Hybrid materials from both worlds – the biomolecular and the semiconductor one – will become an important branch in future material science. Their today applications are mainly in the area of biomolecular sensing. In a first approach MEMS devices will be developed that combine biochemical assay techniques with the miniaturizing potential of silicon manufacturing. Various sensor principles may be used for such systems like the gravimetric detection via surface acoustic waves. In a second step, the convergence of biomolecules and semiconductors in fully CMOS-integrated devices will allow for the realization of sensors and bioelectronic circuits with completely new functionalities.
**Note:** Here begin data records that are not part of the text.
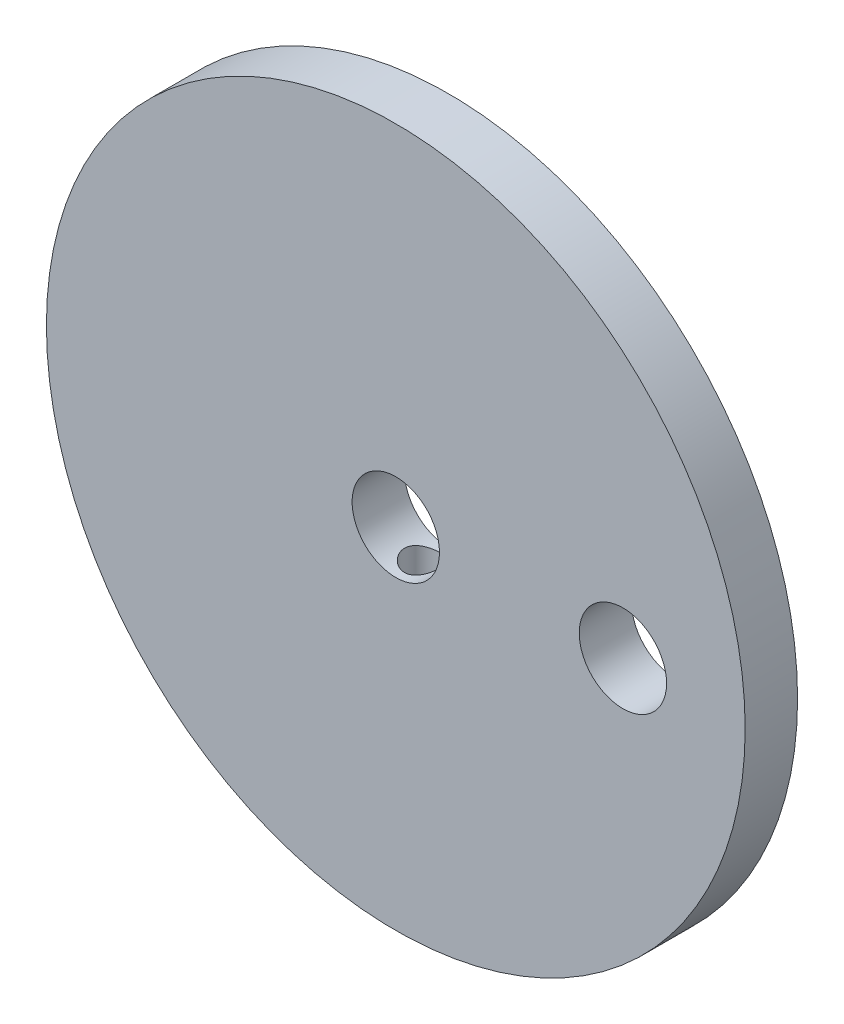
SolidWorks part; units mm, degrees
ref_plane "前视基准面" through (0, 0, 0) normal (0, 0, 1) x (1, 0, 0)
ref_plane "上视基准面" through (0, 0, 0) normal (0, 1, 0) x (1, 0, 0)
ref_plane "右视基准面" through (0, 0, 0) normal (1, 0, 0) x (0, 0, -1)
sketch "草图1" plane through (0, 0, 0) normal (0, 0, 1) x (1, 0, 0)
  circle A0 centre (0, 0) radius 20
  dimension "D1" = 40
extrude "凸台-拉伸1" add sketch "草图1" along normal blind 3
sketch "草图2" plane through (0, 0, 3) normal (0, 0, 1) x (1, 0, 0)
  circle A0 centre (0, 0) radius 2.5
  dimension "D1" = 5
extrude "切除-拉伸1" cut sketch "草图2" against normal through all
sketch "草图4" plane through (0, 0, 3) normal (0, 0, 1) x (1, 0, 0)
  circle A0 centre (0, 0) radius 13 construction
  circle A1 centre (13, 0) radius 2.5
  dimension "D1" = 26
  dimension "D2" = 5
extrude "切除-拉伸2" cut sketch "草图4" against normal through all
hole_wizard "Ø2.0mm 暗销孔1" positions "3D草图1" profile "草图5" hole size "Ø2.0" standard "GB"
sketch3d "3D草图1"
  point P0 (0, -20, 1.5)
  point P3 (0, 0, 0)
  dimension "D1" = 1.5
sketch "草图5" plane through (0, -20, 1.5) normal (1, 0, 0) x (0, 0, -1)
  line L0 (0, 0) -> (0, 17.5)
  line L1 (0, 17.5) -> (1, 17.5)
  line L2 (1, 17.5) -> (1, 0)
  line L5 (1, 0) -> (0, 0)
  line L11 (0, -6.35) -> (0, 107.95) construction
  dimension "通孔孔直径" = 2
  dimension "通孔孔深度" = 17.5
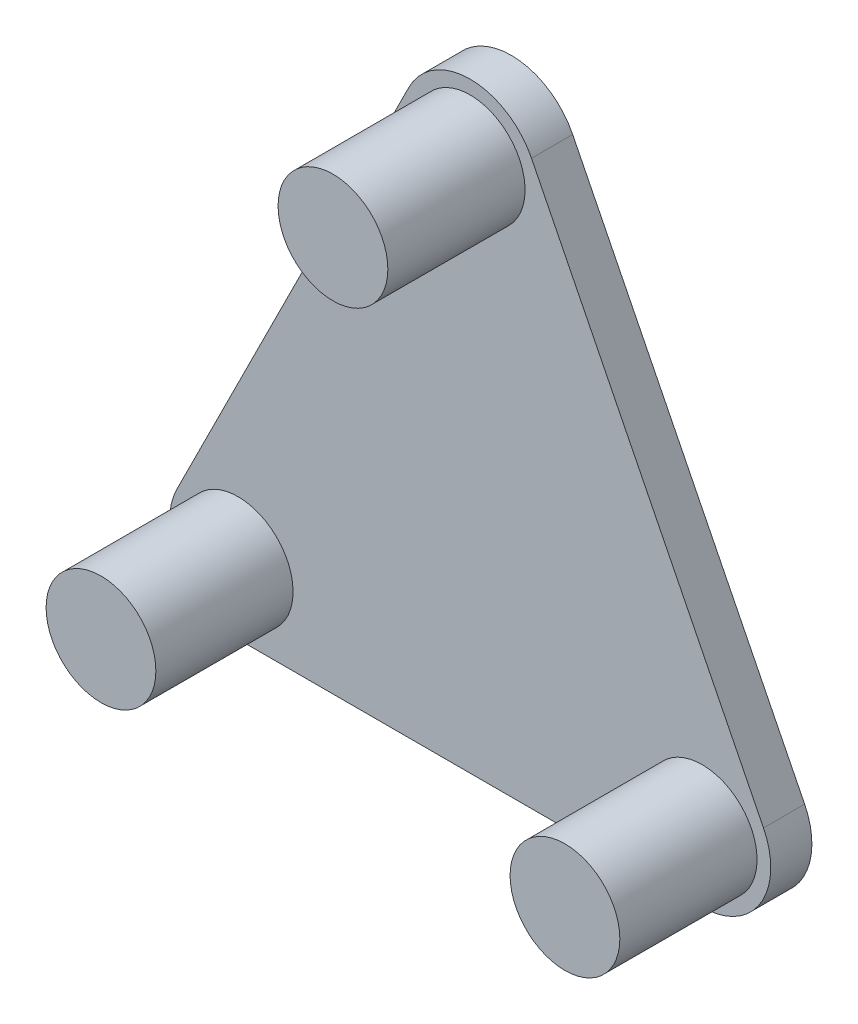
SolidWorks part; units mm, degrees
ref_plane "Alzado" through (0, 0, 0) normal (0, 0, 1) x (1, 0, 0)
ref_plane "Planta" through (0, 0, 0) normal (0, 1, 0) x (1, 0, 0)
ref_plane "Vista lateral" through (0, 0, 0) normal (1, 0, 0) x (0, 0, -1)
sketch "Croquis1" plane through (0, 0, 0) normal (0, 0, 1) x (1, 0, 0)
  line L0 (-10.3631, 26.6845) -> (-10.3631, -17.1352) construction
  line L1 (-27.2729, -17.1352) -> (6.5468, -17.1352)
  line L2 (-31.745, -9.8991) -> (-14.8352, 23.9205)
  line L3 (-5.8909, 23.9205) -> (11.0189, -9.8991)
  line L4 (-10.3631, 4.7746) -> (-31.5262, -14.7638) construction
  line L5 (-10.3631, 4.7746) -> (10.8, -14.7638) construction
  arc A8 (-27.2729, -17.1352) -> (-31.745, -9.8991) centre (-27.2729, -12.1352) cw
  arc A9 (6.5468, -17.1352) -> (11.0189, -9.8991) centre (6.5468, -12.1352) ccw
  arc A10 (-14.8352, 23.9205) -> (-5.8909, 23.9205) centre (-10.3631, 21.6845) cw
  point P2 (-35.3631, -17.1352)
  point P6 (-10.3631, -2.1352)
  point P9 (-10.3631, -17.1352)
  point P10 (14.6369, -17.1352)
  point P13 (-10.3631, 32.8648)
  dimension "D1" = 50
  dimension "D3" = 5
  dimension "D2" = 50
extrude "Saliente-Extruir1" add sketch "Croquis1" along normal blind 3
sketch "Croquis2" plane through (0, 0, 3) normal (0, 0, 1) x (1, 0, 0)
  circle A0 centre (-10.3631, 21.6845) radius 4
  circle A1 centre (-27.2729, -12.1352) radius 4
  circle A2 centre (6.5468, -12.1352) radius 4
  dimension "D1" = 8
  dimension "D2" = 8
  dimension "D3" = 8
extrude "Saliente-Extruir2" add sketch "Croquis2" along normal blind 10

Regarding the fundamental physics of future bioelectronic devices it is evident that the interface between biomolecules and semiconductors represents the main challenge for a convergence of both material worlds. Open questions are related to the transmission of information via the interface or the local control of biomolecular bonding. From the viewpoint of structural research the perspective is of interest, how the nanotemplating of semiconductor surfaces may enable a local control of biomolecular bonding. Such a technique would open the path for biophysical and other studies of molecular interaction between active biological species like proteins and their ligands. These questions are currently in the focus of modern life sciences after the sequenzing of the human and other genomes has deciphered the control centers of eucariot cells and it has to be elucidated, how the mechanics of the cell is operative in detail. Fascinating perspectives can be realized for this research field with modern CMOS semiconductor technology at hand .
First investigations have begun by using the currently performed transition of IHP technology down to the 130 nm lithography node. To give an example, the figure to the right displays an AFM-measured sub-nanometer topography that may be inscribed into standard Si wafers  and that may serve as a nanotemplate for subsequent immobilization protocols.